Low-Carbon Community Adaptive Energy Management Optimization Toward Smart Services

Abstract

With the rapid development of society and the economy and the increasing seriousness of environmental problems, renewable energy and high-quality energy services in low-carbon communities have become popular research topics. However, a large number of volatile distributed generation power systems in the community are connected to the grid. It is difficult to stabilize and efficiently interact with fragmented and isolated energy management systems, and it is difficult to meet energy management needs in terms of low-carbon emissions, stability, and intelligence.

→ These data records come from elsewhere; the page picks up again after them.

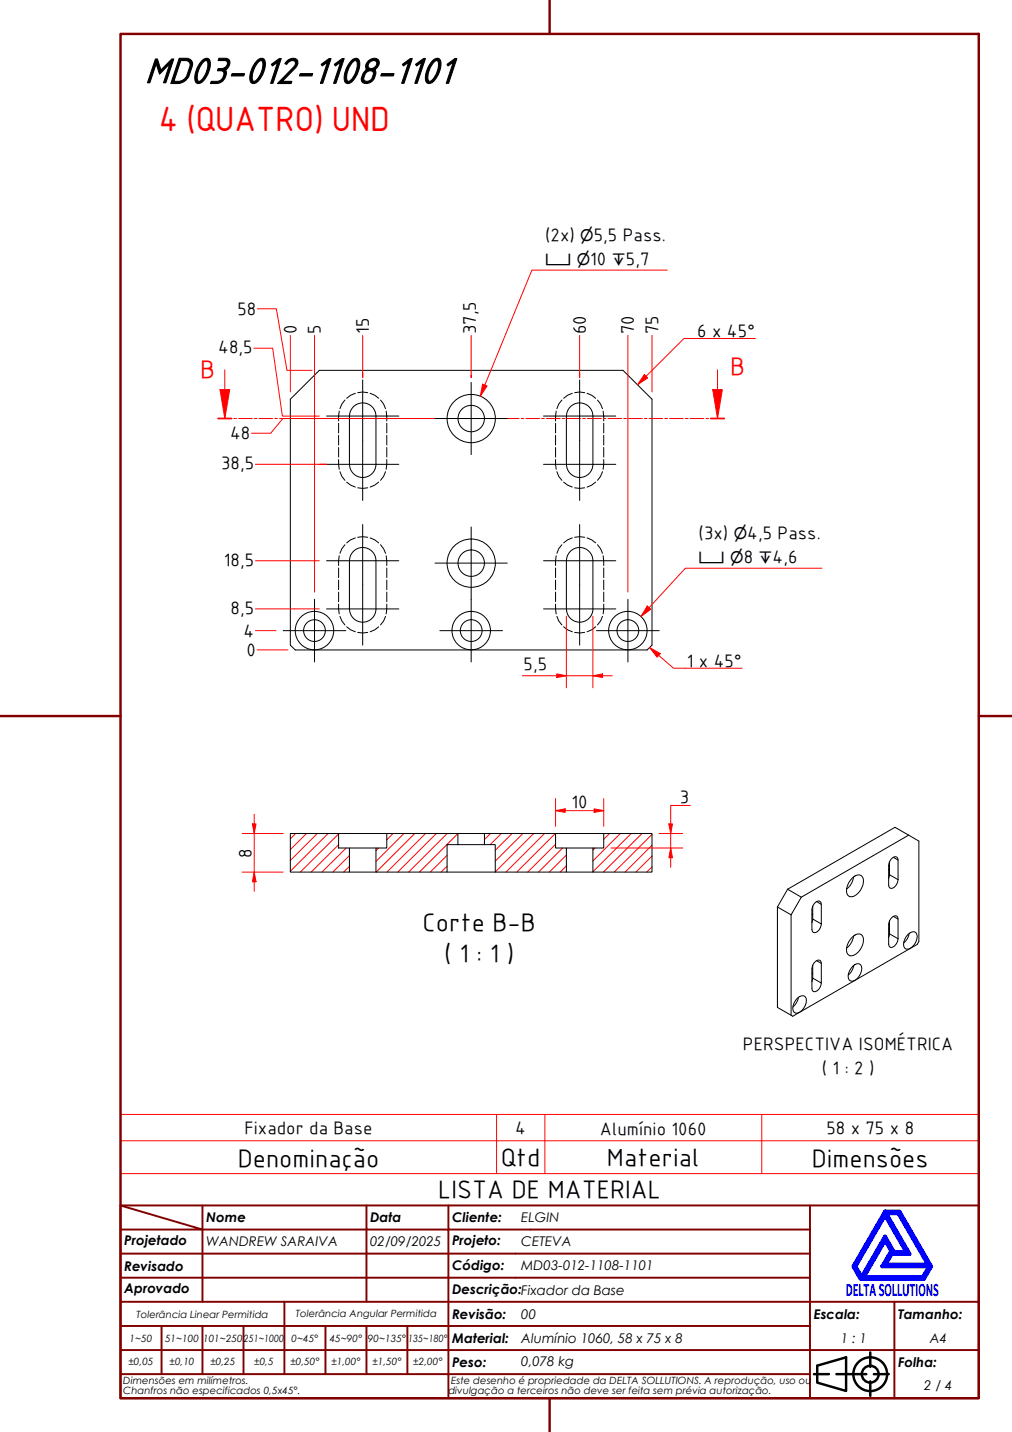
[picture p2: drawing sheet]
<svg xmlns="http://www.w3.org/2000/svg" width="210mm" height="297mm" viewBox="0 0 210 297" stroke-linecap="round" stroke-linejoin="round" font-family="sans-serif">
<!-- layer: Hatch (ABNT) -->
<g fill="none" stroke="#f00" stroke-width=".21">
<path d="M61.3 172.9l-1.1 1.1M63.6 172.9l-3.4 3.3M65.8 172.9l-5.6 5.6M68.1 172.9l-7.9 7.8M70.2 175.2l-5.7 5.7M70.2 173l-7.9 7.9M71.8 175.9l-5 5M72.5 179.7l-1.2 1.2M72.5 177.5l-3.5 3.4M78.5 175.9l-.5 .6M81.5 172.9l-1.3 1.3M83.8 172.9l-5.8 5.8"/>
<path d="M86 172.9l-8 8M88.3 172.9l-8 8M90.5 172.9l-8 8M92.7 179.7l-1.2 1.2M92.7 177.4l-3.5 3.5M92.8 172.9l-8 8M95 175.2h-.1M95 172.9l-8 8M101.7 172.9l-1.2 1.3M104 172.9l-2.3 2.3M106.2 172.9l-3.5 3.5M108.5 172.9l-5.8 5.7"/>
<path d="M110.7 172.9l-8 8M112.9 172.9l-8 8M115.2 172.9l-8 8M115.2 175.1l-5.7 5.8M116.7 175.9l-5 5M117.5 179.6l-1.3 1.3M117.5 177.4l-3.6 3.5M123.4 175.9l-.4 .4M126.4 172.9l-1.2 1.2M128.7 172.9l-5.7 5.7M130.9 172.9l-7.9 7.9M133.2 172.9l-8 8"/>
<path d="M135.2 179.8l-1.1 1.1M135.2 177.6l-3.3 3.3M135.2 175.3l-5.6 5.6M135.2 173.1l-7.8 7.8"/>
</g>
<!-- layer: Hidden (ABNT) -->
<g fill="none" stroke="#000" stroke-width=".21">
<path d="M70.2 87.8v2M70.2 90.3v2M70.2 92.8v2M70.2 95.3l.2 2.1M70.4 85.3l-.2 2M70.5 97.8l.4 1 .6 .8M71.5 83l-.6 .8-.4 1M71.9 100l.8 .6 1 .4M73.7 81.6l-1 .4-.8 .6M74.2 81.5l1-.2 1.1 .2M76.8 81.6l.9 .4 .8 .6M78.5 100l-.8 .6-.9 .4"/>
<path d="M78.9 83l.7 .8 .4 1M80 97.8l-.4 1-.7 .8M80.1 85.3l.1 2M80.2 87.8v2M80.2 90.3v2M80.2 92.8v2M80.2 95.3l-.1 2.1M115.2 87.8v2M115.2 90.3v2M115.2 92.8v2M115.2 95.3l.2 2.1M115.4 85.3l-.2 2"/>
<path d="M115.5 97.8l.4 1 .6 .8M116.5 83l-.6 .8-.4 1M116.9 100l.8 .6 1 .4M118.7 81.6l-1 .4-.8 .6M119.2 81.5l1-.2 1.1 .2M121.8 81.6l.9 .4 .8 .6M123.5 100l-.8 .6-.9 .4M123.9 83l.7 .8 .4 1M125 97.8l-.4 1-.7 .8M125.1 85.3l.1 2M125.2 87.8v2M125.2 90.3v2"/>
<path d="M125.2 92.8v2M125.2 95.3l-.1 2.1M70.2 117.8v2M70.4 115.3l-.2 2M71.5 113l-.6 .8-.4 1M73.7 111.6l-1 .4-.8 .6M74.2 101.2l1 .1 1.1-.1M74.2 111.4l1-.1 1.1 .1M76.8 111.6l.9 .4 .8 .6M78.9 113l.7 .8 .4 1M80.1 115.3l.1 2M80.2 117.8v2"/>
<path d="M115.2 117.8v2M115.4 115.3l-.2 2M116.5 113l-.6 .8-.4 1M118.7 111.6l-1 .4-.8 .6M119.2 101.2l1 .1 1.1-.1M119.2 111.4l1-.1 1.1 .1M121.8 111.6l.9 .4 .8 .6M123.9 113l.7 .8 .4 1M125.1 115.3l.1 2M125.2 117.8v2M70.2 120.3v2M70.2 122.8v2"/>
<path d="M70.2 125.3l.2 2M70.5 127.9l.4 .9 .6 .8M71.9 130l.8 .6 1 .4M74.2 131.2l1 .1 1.1-.1M78.5 130l-.8 .6-.9 .4M80 127.9l-.4 .9-.7 .8M80.2 120.3v2M80.2 122.8v2M80.2 125.3l-.1 2M115.2 120.3v2M115.2 122.8v2M115.2 125.3l.2 2"/>
<path d="M115.5 127.9l.4 .9 .6 .8M116.9 130l.8 .6 1 .4M119.2 131.2l1 .1 1.1-.1M123.5 130l-.8 .6-.9 .4M125 127.9l-.4 .9-.7 .8M125.2 120.3v2M125.2 122.8v2M125.2 125.3l-.1 2"/>
</g>
<!-- layer: Visible (ABNT) -->
<g fill="none" stroke="#000" stroke-width=".21">
<path d="M60.2 82.8l6-6h63l6 6v51l-1 1h-73l-1-1zM72.5 86.3v10a2.74 2.74 0 0 0 2.7 2.7 2.74 2.74 0 0 0 2.8-2.7v-10M72.5 86.3a2.74 2.74 0 0 1 2.7-2.7 2.74 2.74 0 0 1 2.8 2.7M117.5 86.3v10a2.74 2.74 0 0 0 2.7 2.7 2.74 2.74 0 0 0 2.8-2.7v-10M117.5 86.3a2.74 2.74 0 0 1 2.7-2.7 2.74 2.74 0 0 1 2.8 2.7M73.1 114.6a2.74 2.74 0 0 1 3-.9 2.74 2.74 0 0 1 1.9 2.6v10a2.75 2.75 0 0 1-2.8 2.8 2.75 2.75 0 0 1-2.7-2.8v-10l.1-.6zM118.5 114.2a2.74 2.74 0 0 1 2.9-.4 2.74 2.74 0 0 1 1.6 2.5v10a2.75 2.75 0 0 1-2.8 2.8 2.75 2.75 0 0 1-2.7-2.8v-10a2.74 2.74 0 0 1 1-2.1zM60.2 172.9h10v3h2.3v5h-12.3zM70.2 172.9h10M72.5 175.9h5.5M80.2 172.9h14.8v2.3h-2.3v5.7h-14.7v-5h2.2zM95 172.9h5.5"/>
<path d="M95 175.2h5.5M100.5 172.9h14.7v3h2.3v5h-14.8v-5.7h-2.2zM115.2 172.9h10M117.5 175.9h5.5M125.2 172.9h10v8h-12.2v-5h2.2zM184.5 178.8v2.6l1.8 1.1M185.3 177.8l1 .6v4.1M186.3 178.4l-.3-.6a1.38 1.38 0 0 0-1.6 1.3l-.1 4.5 .3 .6a1.38 1.38 0 0 0 1.6-1.3l.1-.4M188.5 173.2l2.1 1.3v20.8l-.4 .6-25.8 14.9-3.2-1.8v-20.9M188.5 173.2l-2.9-1.6-22.2 12.9M188.5 173.2l-22.3 12.9M72.5 180.9h5.5"/>
<path d="M92.7 180.9h10M117.5 180.9h5.5M161.2 188.1l2.9 1.7M163.4 184.5l-2.2 3.6M163.4 184.5l2.8 1.6M164.1 189.8v20.8M166.2 186.1l-2.1 3.7M168.4 189.6l.2 .1M168.6 187.9v2.7l1.7 1.1M168.6 190.6l-.2 .8M169.4 187l.9 .6v4.1M169.4 199.3l.9 .5v4.1"/>
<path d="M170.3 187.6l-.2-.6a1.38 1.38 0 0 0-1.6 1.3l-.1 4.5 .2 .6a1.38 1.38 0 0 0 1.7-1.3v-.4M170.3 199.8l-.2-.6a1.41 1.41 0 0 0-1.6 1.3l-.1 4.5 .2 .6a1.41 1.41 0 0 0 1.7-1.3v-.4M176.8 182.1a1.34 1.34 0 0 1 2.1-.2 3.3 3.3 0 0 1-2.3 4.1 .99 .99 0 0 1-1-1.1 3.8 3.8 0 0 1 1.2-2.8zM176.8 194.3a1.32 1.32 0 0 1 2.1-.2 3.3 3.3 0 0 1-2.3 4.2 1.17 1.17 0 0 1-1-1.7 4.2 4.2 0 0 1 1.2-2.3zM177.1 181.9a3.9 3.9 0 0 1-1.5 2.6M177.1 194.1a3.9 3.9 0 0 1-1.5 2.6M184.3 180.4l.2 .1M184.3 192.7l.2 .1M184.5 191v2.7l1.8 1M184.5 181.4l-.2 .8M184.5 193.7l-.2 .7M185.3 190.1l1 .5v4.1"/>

Therefore, by considering operation costs, pollution control costs, energy stability, and plug-in hybrid electric vehicles, this article proposes a regional energy supply model called community energy Internet and builds a low-carbon community energy adaptive management model for smart services. Then, to address energy supply instability, an adaptive feedback control mechanism developed based on model predictive control is introduced to adapt to the changing environment. Finally, a long short-term memory-recurrent neural network-based Tabu search is introduced to prevent the multiobjective particle swarm optimization algorithm from easily falling into a local optimum. The simulation results show that the proposed model can effectively realize the optimal allocation of energy, which solves the problem of fragmented energy islands caused by distributed power access. This method has quality of service benefits for users, such as cost, time, and stability, and realizes wide interconnections, high intelligence, and low-carbon efficiency of community energy management.